As always, it simply depends on your utility function. If you consider avoiding short-term emotional pain as an end in itself, it would of course be in your best interest to engage in various self-deceptive strategies etc.
The users on Less Wrong may well be drastically less likely to have that sort of utility function than the general population, but that doesn't in any way detract from the obvious fact that a utility function can in fact include an ultimate aversion to short-term emotional pain, and there are in fact an absolute ton of people like that.
So can people stand what's true because they're already enduring it? Wait, already enduring what? For somebody like I described above (one who's goal set contains an ultimate aversion to short-term emotional pain), the emotional pain itself is something to endure.
In other words, avoiding thinking about fact A doesn't allow you to not endure A (because of course A will be present whether or not you think about it), but there is in fact something that not thinking about it will do, and that's let you not endure the emotional pain, which may well be extremely important for your utility function.
Tetronian said that the Litany basically says it's silly to refuse to update your map because you're afraid of what you may find, for what's in the territory is already there whether or not you know it. Sure, but for some people the emotions themselves are part of the territory. It's not that they're afraid to update their map; it's that they're afraid to change one section of the territory (their belief structure) because it may make another section undesirable (their emotional landscape or whatever).
The map/territory distinction has proven useful in a lot of ways, but in this conversation it can only distract, for it has a utility function built right into its core--one incompatible with the one incompatible with the Litany. It breaks down when it encounters a utility function that values what's in one's head not necessarily only as an indicator for what's outside, but also simply for its own sake.
As always, it simply depends on your utility function.
Please don't use "utility function" in this context. What you believe you want is different from what you actually want or what you should want or what you would like if it happened, or what you should want to happen irrespective of your own experience (and none of these are utility function in the technical sense), so conflating all these senses into a single rhetorical pseudomath buzzword is bad mental hygiene.
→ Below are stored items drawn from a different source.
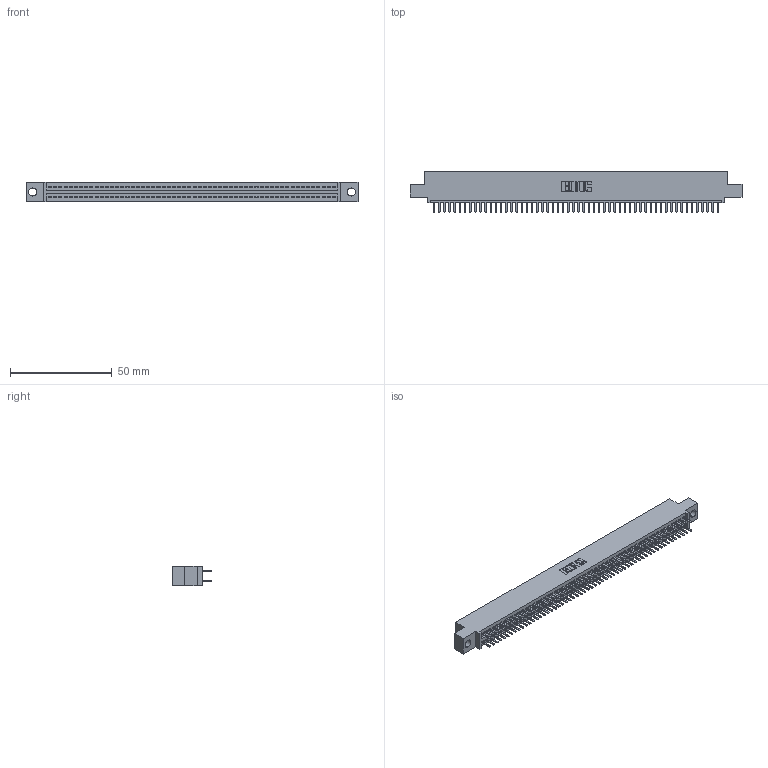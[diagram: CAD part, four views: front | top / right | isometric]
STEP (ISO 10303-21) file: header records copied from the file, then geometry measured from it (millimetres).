
FILE_DESCRIPTION (( 'STEP AP203' ), '1' );
FILE_NAME ('395-112-520-504.STEP', '2021-06-17T18:03:56', ( '' ), ( '' ), 'SwSTEP 2.0', 'SolidWorks 2020', '' );
FILE_SCHEMA (( 'CONFIG_CONTROL_DESIGN' ));
Length unit declared in the file: inch
Products named in the file (3): 345-292-001_345-293-120; 395-112-520-504; 345 Part_0.110 Offset - 0.156 Dia-TI
Assembly tree (113 placements, depth 2):
  395-112-520-504
    345 Part_0.110 Offset - 0.156 Dia-TI
    345-292-001_345-293-120  x112
Bounding box: 163.45 x 19.68 x 9.4 mm (x, y, z)
Volume: 15779 mm3; surface area: 23434.9 mm2
Topology: 113 solids, 113 shells, 6192 faces, 17973 edges, 11682 vertices
Faces by surface type: plane 4018, cylinder 2174
Entity records: 42719 total; most frequent: CARTESIAN_POINT 7166, ORIENTED_EDGE 7086, DIRECTION 6287, EDGE_CURVE 3543, VECTOR 3183, LINE 3183, VERTEX_POINT 2358, AXIS2_PLACEMENT_3D 1552

I think I have problems with this:
Do you actually think that's true?
I honestly don't think I do. I think there are horrible truths that can wreck your life if you're not prepared to deal with them. I think it may *usually* be best if you self-modify to be able to handle them, so that you don't run into trouble later. But to say there's NO difference ignores the fact that your emotional reaction to things is ALSO part of reality.
I like the idea behind it but I don't think I can really endorse it. I'm struggling because I'd like to incorporate it into my project, but it feels too wrong. And while I'm okay with chopping up lengthy sequence posts to so they can be read out loud, rewriting this to match my beliefs... well, it's not exactly a crime against humanity but it's technically not the Litany of Gendlin anymore which ruins some ritual-oomph. (And the part that I'd most want to change is the last two lines, which are the most powerful part)
Ideally it would communicate: "Lying to yourself will eventually screw you up worse than getting hurt by a truth," instead of "learning new truths has no negative consequences."
This distinction is particularly important when the truth at hand is "the world is a fundamentally unfair place that will kill you without a second thought if you mess up, and possibly even if you don't."
EDIT TO CLARIFY: The person who goes about their life ignoring the universe's Absolute Neutrality is very fundamentally NOT already enduring this truth. They're enduring part of it (arguably most of it), but not all. Thinking about that truth is depressing for many people. That is not a meaningless cost. Telling people they should get over that depression and make good changes to fix the world is important. But saying that they are already enduring everything there was to endure, seems to me a patently false statement, and makes your argument weaker, not stronger.
Potential change I can think of that doesn't wreck it too much and keeps it similar enough that I don't feel too bad: "Not owning up to it will only make things worse." Artistically I think it might be better to change the wording to something like "Refusing to admit it will only make things worse," but then the change becomes big enough that I feel kinda wrong again.
Maybe refer to it as Litany of Gendlin', to distinguish it while staying classy.
SECOND EDIT: It's become pretty clear, looking a collection of comments, that Typical Mind Fallacy is at work here. Some people value truth and emotional response differently. My problem is that a) *I* value emotional response as the end, and my preference for truth, while extremely useful, is only there to facilitate emotional response in myself and others. b) I know there will be other people at the event in question who share my position.
In any case, I'd like advice from the people who believe the Litany is inaccurate (or at least are able to model people who believe that) on how to handle the situation.